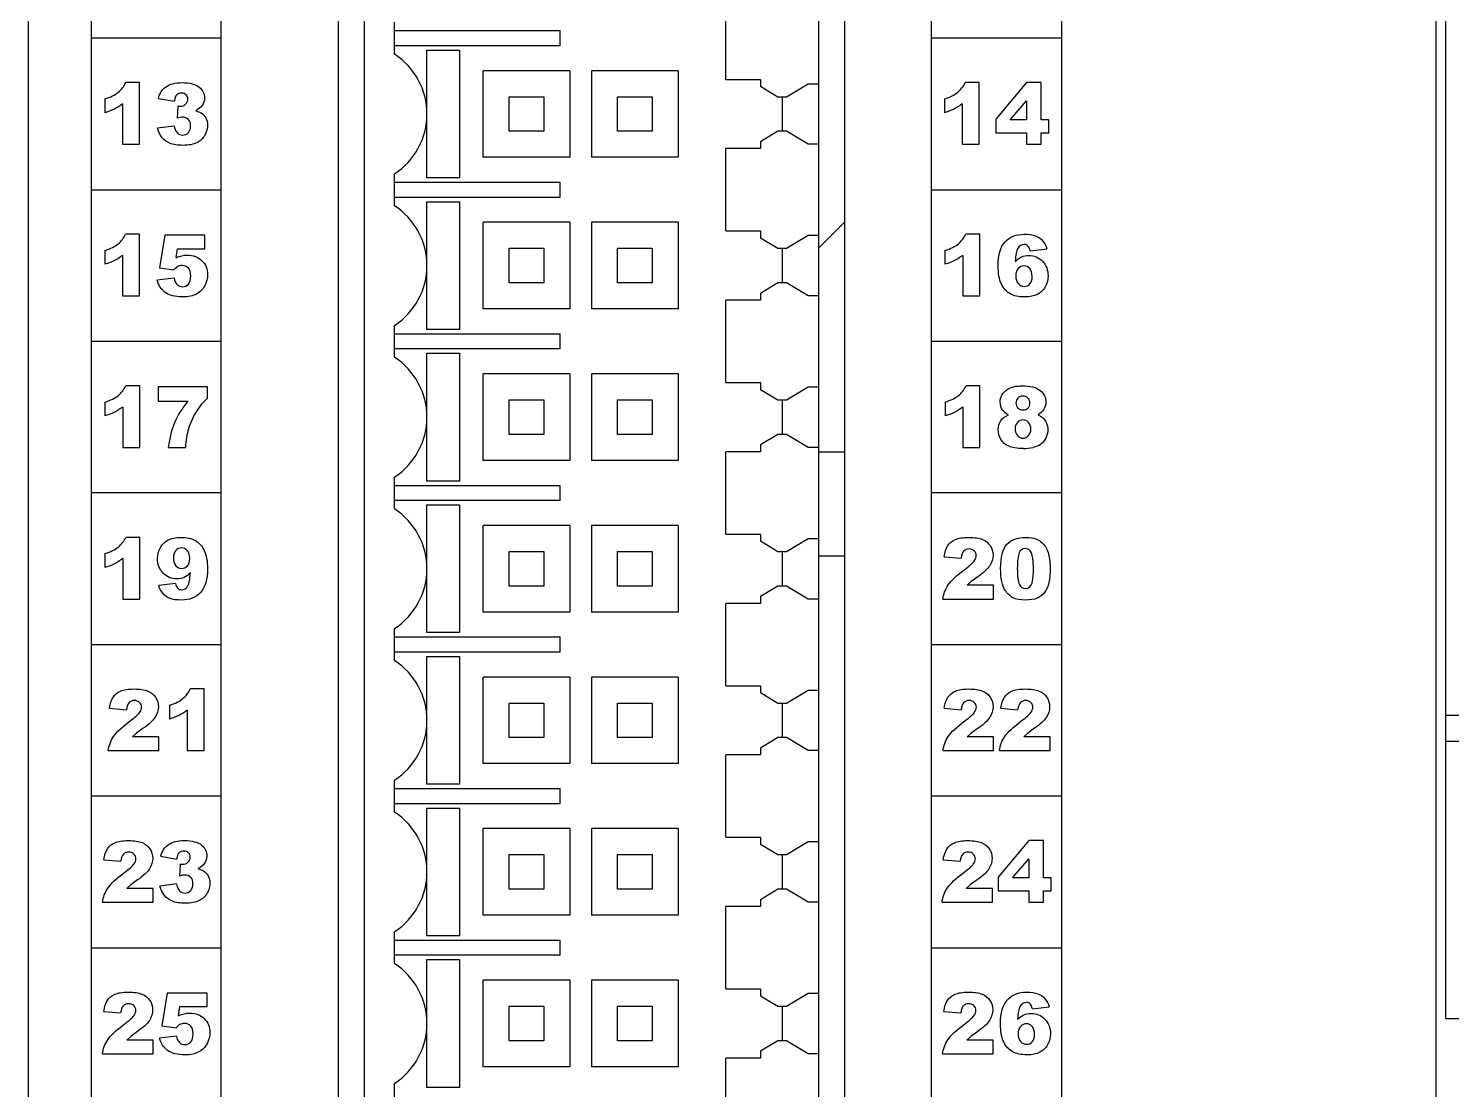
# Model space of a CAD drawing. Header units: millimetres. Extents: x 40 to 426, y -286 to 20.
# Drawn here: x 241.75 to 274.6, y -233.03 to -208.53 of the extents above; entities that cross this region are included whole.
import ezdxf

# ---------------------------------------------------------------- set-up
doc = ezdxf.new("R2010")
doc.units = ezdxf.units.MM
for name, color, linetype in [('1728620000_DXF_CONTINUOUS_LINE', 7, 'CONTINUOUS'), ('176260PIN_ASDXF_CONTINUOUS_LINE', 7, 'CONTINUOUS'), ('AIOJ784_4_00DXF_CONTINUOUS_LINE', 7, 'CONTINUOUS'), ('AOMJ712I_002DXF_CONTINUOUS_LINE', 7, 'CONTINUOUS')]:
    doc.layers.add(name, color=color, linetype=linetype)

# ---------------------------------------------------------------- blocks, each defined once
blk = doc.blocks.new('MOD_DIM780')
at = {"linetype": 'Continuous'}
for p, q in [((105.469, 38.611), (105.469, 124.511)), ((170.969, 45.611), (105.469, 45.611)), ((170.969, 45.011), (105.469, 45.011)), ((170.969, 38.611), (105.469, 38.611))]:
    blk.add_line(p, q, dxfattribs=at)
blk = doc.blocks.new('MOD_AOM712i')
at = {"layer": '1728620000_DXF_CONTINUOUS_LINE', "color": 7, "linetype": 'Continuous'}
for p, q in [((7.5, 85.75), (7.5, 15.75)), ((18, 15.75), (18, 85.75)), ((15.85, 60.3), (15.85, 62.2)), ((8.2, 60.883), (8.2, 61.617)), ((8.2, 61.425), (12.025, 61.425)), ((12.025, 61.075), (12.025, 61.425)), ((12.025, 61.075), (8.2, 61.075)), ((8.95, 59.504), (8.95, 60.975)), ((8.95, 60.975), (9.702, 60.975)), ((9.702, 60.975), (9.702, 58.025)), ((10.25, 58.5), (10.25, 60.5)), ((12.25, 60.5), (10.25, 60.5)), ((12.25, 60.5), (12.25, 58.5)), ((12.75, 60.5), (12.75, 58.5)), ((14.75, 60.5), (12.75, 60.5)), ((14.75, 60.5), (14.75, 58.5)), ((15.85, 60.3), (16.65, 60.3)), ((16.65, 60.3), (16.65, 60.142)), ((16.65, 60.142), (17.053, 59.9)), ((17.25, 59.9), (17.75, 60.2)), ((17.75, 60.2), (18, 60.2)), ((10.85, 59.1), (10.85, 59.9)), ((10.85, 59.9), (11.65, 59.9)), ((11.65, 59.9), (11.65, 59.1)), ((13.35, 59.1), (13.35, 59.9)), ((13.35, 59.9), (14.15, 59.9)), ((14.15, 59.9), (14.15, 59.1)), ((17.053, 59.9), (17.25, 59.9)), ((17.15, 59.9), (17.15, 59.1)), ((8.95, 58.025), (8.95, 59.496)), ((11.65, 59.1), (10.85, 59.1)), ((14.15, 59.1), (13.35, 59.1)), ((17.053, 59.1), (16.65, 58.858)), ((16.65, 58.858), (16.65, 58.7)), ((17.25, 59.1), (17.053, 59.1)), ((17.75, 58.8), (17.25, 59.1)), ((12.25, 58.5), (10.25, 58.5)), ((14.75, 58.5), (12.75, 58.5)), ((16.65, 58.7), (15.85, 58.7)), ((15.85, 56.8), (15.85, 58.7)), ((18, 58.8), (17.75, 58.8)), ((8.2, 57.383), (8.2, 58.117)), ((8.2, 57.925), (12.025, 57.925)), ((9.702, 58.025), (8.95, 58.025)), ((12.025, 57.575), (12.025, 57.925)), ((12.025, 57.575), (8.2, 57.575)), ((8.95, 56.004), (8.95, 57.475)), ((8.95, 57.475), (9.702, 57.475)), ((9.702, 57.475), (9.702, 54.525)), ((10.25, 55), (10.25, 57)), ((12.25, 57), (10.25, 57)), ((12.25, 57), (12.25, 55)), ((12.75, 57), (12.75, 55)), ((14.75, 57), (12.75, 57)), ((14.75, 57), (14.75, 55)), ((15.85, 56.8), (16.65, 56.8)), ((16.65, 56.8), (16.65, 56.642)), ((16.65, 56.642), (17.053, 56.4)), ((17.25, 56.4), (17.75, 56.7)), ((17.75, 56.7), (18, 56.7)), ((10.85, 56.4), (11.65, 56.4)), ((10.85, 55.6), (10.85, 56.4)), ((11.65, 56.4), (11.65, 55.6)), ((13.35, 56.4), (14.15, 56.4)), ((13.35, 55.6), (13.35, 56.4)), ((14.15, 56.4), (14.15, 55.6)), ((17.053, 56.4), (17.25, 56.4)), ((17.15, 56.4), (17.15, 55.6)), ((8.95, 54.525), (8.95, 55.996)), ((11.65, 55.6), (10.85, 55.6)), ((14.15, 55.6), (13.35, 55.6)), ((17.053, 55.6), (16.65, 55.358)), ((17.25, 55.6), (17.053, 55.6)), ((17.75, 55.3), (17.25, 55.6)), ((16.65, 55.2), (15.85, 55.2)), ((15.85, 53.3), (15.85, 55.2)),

### Directions for this task
Give only the number of lines in the material above where the string "units" appears.

### Response below
2